> ASSIGNMENT: On how many lines of these entries does the word "revolve" occur? State the number alone.

> INPUT MATERIAL:
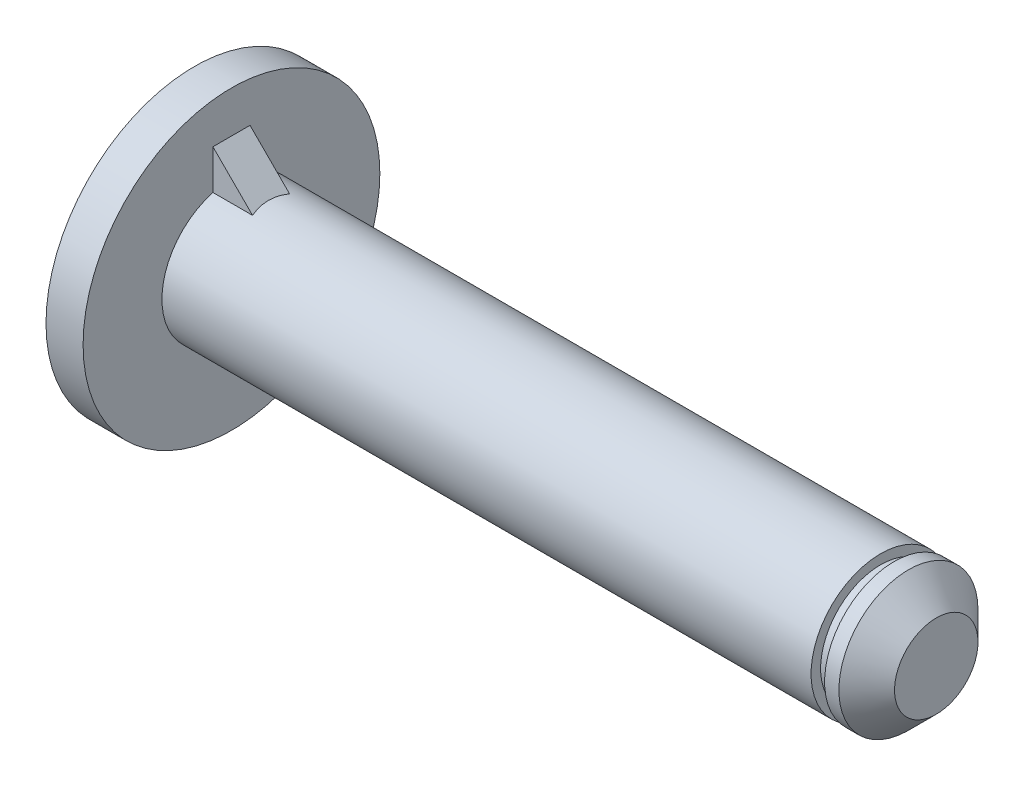
SolidWorks part; units mm, degrees
ref_plane "Front Plane" through (0, 0, 0) normal (0, 0, 1) x (1, 0, 0)
ref_plane "Top Plane" through (0, 0, 0) normal (0, 1, 0) x (1, 0, 0)
ref_plane "Right Plane" through (0, 0, 0) normal (1, 0, 0) x (0, 0, -1)
sketch "Sketch1" plane through (0, 0, 0) normal (0, 0, 1) x (1, 0, 0)
  line L0 (0, 0) -> (2, 0)
  line L1 (2, 0) -> (2, 4.25)
  line L2 (2, 4.25) -> (37, 4.25)
  line L7 (40, 4.25) -> (40, 8)
  line L8 (40, 8) -> (0, 8)
  line L9 (0, 8) -> (0, 0)
  line L10 (-10.1111, 8) -> (25.9444, 8) construction
  line L11 (37, 4.25) -> (40, 4.25)
  dimension "D1" = 2
  dimension "D2" = 40
  dimension "D4" = 8
  dimension "D5" = 3.75
revolve "Revolve1" add sketch "Sketch1" angle 360 about L10
sketch "Sketch7" plane through (0, 0, 0) normal (0, 0, 1) x (1, 0, 0)
  line L0 (2, 13.75) -> (4, 11.75)
  line L1 (2, 0) -> (2, 16) construction
  line L2 (40, 11.75) -> (2, 11.75) construction
  dimension "D1" = 2
  dimension "D2" = 2
rib "Rib11" sketch "Sketch7" sketch "Sketch7" thickness 2 extrusion direction parallel to sketch draft on no parameters "D1"=2
chamfer "Chamfer1" distance 1.5 angle 45 1 edges at (40, 8, 3.75)
sketch "Sketch8" plane through (0, 0, 0) normal (0, 0, 1) x (1, 0, 0)
  line L0 (37, 11.75) -> (37, 11.235)
  line L1 (38.5, 11.75) -> (4, 11.75) construction
  line L2 (37, 11.235) -> (37.73, 11.235)
  line L3 (37.73, 11.235) -> (37.73, 11.75)
  line L4 (37.73, 11.75) -> (37, 11.75)
  line L5 (40, 8) -> (23.2556, 8) construction
  line L6 (40, 5.75) -> (40, 10.25) construction
  dimension "D1" = 0.73
  dimension "D2" = 2.27
  dimension "D3" = 3.235
revolve "Cut-Revolve1" cut sketch "Sketch8" angle 360 about L5

> RESPONSE TO THE EXERCISE: 2